↓

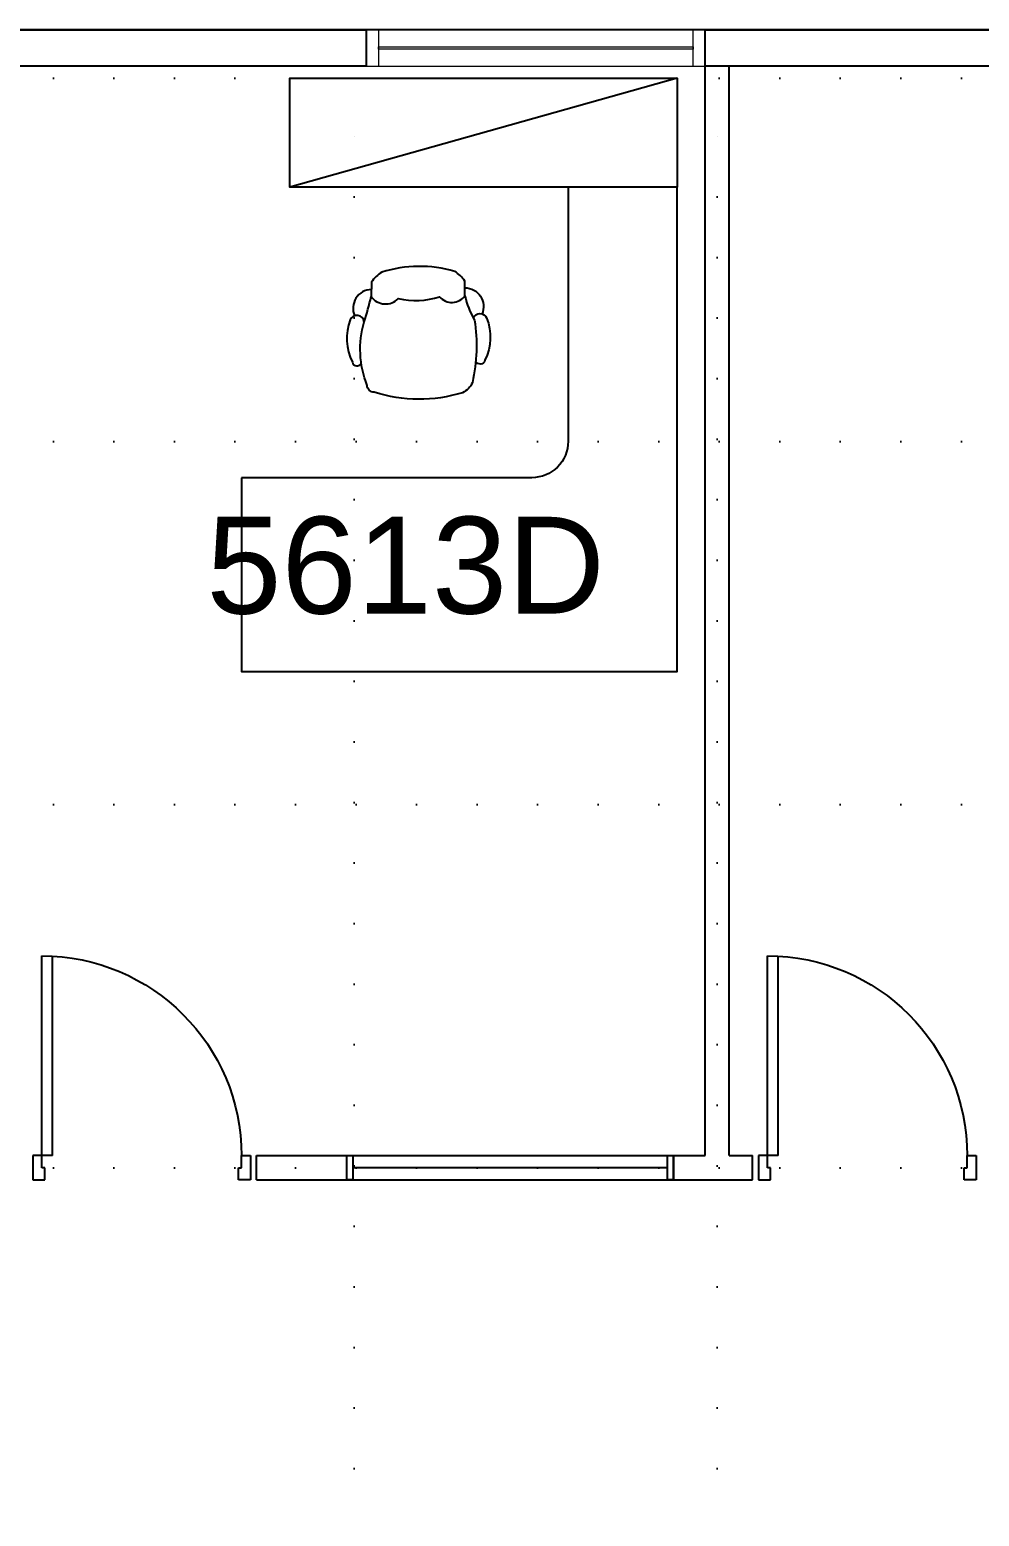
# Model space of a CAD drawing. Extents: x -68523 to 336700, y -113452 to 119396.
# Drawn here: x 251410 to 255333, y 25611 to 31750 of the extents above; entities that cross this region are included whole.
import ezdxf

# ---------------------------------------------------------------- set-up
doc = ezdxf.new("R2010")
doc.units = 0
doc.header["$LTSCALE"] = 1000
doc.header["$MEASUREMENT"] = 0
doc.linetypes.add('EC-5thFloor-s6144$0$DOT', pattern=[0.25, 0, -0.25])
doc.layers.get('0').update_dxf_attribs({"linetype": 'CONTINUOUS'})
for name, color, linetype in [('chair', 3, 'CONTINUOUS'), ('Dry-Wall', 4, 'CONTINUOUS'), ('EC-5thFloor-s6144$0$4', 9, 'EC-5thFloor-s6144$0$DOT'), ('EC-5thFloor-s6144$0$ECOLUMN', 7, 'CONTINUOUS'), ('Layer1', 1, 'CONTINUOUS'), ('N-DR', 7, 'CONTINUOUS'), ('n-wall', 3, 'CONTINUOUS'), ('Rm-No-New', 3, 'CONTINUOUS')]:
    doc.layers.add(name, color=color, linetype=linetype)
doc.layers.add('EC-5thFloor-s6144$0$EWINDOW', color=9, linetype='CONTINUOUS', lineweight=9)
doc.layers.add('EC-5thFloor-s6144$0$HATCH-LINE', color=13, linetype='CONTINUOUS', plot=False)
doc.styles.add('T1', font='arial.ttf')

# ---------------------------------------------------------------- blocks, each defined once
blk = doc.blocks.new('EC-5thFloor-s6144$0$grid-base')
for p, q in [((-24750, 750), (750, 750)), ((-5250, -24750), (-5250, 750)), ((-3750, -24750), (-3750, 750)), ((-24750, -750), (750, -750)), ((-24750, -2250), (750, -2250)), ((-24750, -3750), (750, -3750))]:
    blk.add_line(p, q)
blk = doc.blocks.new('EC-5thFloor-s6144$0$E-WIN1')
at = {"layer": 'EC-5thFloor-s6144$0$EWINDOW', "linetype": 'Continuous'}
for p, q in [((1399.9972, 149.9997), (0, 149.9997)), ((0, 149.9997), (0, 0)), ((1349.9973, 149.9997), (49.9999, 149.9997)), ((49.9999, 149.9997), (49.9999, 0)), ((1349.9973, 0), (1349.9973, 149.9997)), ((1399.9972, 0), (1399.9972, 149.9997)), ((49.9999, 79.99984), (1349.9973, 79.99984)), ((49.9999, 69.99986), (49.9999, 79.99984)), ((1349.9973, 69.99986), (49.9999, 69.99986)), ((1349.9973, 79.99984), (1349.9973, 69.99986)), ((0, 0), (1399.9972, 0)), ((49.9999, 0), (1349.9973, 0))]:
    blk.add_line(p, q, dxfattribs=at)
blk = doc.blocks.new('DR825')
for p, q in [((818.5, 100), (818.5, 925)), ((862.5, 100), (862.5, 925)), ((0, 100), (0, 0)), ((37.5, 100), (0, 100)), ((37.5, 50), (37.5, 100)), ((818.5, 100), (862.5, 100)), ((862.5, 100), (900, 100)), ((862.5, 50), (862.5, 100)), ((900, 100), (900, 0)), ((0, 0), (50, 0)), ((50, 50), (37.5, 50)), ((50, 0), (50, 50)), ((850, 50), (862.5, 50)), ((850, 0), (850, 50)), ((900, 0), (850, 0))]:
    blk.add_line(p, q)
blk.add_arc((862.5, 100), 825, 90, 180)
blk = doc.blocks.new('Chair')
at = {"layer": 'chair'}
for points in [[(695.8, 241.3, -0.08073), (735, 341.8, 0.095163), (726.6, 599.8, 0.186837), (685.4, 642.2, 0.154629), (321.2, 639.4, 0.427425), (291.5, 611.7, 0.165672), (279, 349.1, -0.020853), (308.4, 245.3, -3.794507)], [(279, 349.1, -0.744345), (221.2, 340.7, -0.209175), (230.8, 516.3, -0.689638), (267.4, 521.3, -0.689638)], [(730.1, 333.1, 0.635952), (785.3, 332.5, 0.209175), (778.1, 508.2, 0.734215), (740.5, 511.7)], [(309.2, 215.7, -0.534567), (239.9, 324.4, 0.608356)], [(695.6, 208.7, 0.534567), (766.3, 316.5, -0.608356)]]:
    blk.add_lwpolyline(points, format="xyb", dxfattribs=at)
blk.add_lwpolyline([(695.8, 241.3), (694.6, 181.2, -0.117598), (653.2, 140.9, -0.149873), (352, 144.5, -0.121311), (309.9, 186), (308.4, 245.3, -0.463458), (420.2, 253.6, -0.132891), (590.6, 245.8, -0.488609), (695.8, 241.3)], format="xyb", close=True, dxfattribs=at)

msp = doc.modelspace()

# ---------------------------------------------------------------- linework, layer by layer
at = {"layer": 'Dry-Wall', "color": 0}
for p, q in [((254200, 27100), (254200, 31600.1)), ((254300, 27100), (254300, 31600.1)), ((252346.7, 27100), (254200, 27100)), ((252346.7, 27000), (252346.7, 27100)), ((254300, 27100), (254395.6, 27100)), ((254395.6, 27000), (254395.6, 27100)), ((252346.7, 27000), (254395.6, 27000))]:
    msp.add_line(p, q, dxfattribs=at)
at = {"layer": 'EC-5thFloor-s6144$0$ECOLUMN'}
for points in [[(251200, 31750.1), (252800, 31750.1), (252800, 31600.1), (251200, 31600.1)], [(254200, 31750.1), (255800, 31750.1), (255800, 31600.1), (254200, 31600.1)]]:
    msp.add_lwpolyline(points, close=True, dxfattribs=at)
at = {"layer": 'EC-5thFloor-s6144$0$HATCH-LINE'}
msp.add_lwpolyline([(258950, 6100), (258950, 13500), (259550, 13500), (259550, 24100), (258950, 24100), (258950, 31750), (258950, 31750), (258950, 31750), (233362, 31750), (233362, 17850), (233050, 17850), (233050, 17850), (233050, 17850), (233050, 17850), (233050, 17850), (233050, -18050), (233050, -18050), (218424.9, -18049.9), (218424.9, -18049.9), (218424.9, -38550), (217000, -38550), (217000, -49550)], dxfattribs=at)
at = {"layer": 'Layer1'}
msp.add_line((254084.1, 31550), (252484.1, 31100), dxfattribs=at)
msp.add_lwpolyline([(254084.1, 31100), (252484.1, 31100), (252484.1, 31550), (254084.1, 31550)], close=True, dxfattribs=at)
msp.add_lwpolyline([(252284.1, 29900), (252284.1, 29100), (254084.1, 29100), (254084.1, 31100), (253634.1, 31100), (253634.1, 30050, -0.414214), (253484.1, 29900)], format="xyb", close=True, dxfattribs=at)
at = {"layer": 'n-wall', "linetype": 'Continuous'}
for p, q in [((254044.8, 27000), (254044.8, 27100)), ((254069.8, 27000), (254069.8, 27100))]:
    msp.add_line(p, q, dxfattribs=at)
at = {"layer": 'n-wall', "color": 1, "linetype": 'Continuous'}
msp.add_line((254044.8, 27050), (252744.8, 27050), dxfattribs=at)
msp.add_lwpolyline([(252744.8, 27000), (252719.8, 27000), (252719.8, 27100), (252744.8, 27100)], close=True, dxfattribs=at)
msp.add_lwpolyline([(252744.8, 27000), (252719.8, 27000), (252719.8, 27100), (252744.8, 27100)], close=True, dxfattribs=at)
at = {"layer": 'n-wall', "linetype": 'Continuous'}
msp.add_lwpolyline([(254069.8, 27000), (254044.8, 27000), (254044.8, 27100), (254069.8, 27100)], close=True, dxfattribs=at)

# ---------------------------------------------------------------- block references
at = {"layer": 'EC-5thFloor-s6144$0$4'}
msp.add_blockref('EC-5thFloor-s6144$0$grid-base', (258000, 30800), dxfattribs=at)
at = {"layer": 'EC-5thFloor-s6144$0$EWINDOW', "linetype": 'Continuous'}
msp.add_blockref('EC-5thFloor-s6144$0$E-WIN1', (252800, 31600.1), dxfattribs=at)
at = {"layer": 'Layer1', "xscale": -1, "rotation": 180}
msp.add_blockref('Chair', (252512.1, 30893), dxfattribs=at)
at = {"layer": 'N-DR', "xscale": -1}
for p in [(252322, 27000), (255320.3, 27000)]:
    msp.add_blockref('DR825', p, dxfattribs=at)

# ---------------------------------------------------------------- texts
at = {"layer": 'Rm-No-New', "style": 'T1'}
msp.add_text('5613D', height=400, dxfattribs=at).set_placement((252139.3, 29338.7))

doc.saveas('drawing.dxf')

↑

Required work. Throughout the data above, count the lines where the word "name" occurs, and report that figure alone.

Problem solution. 2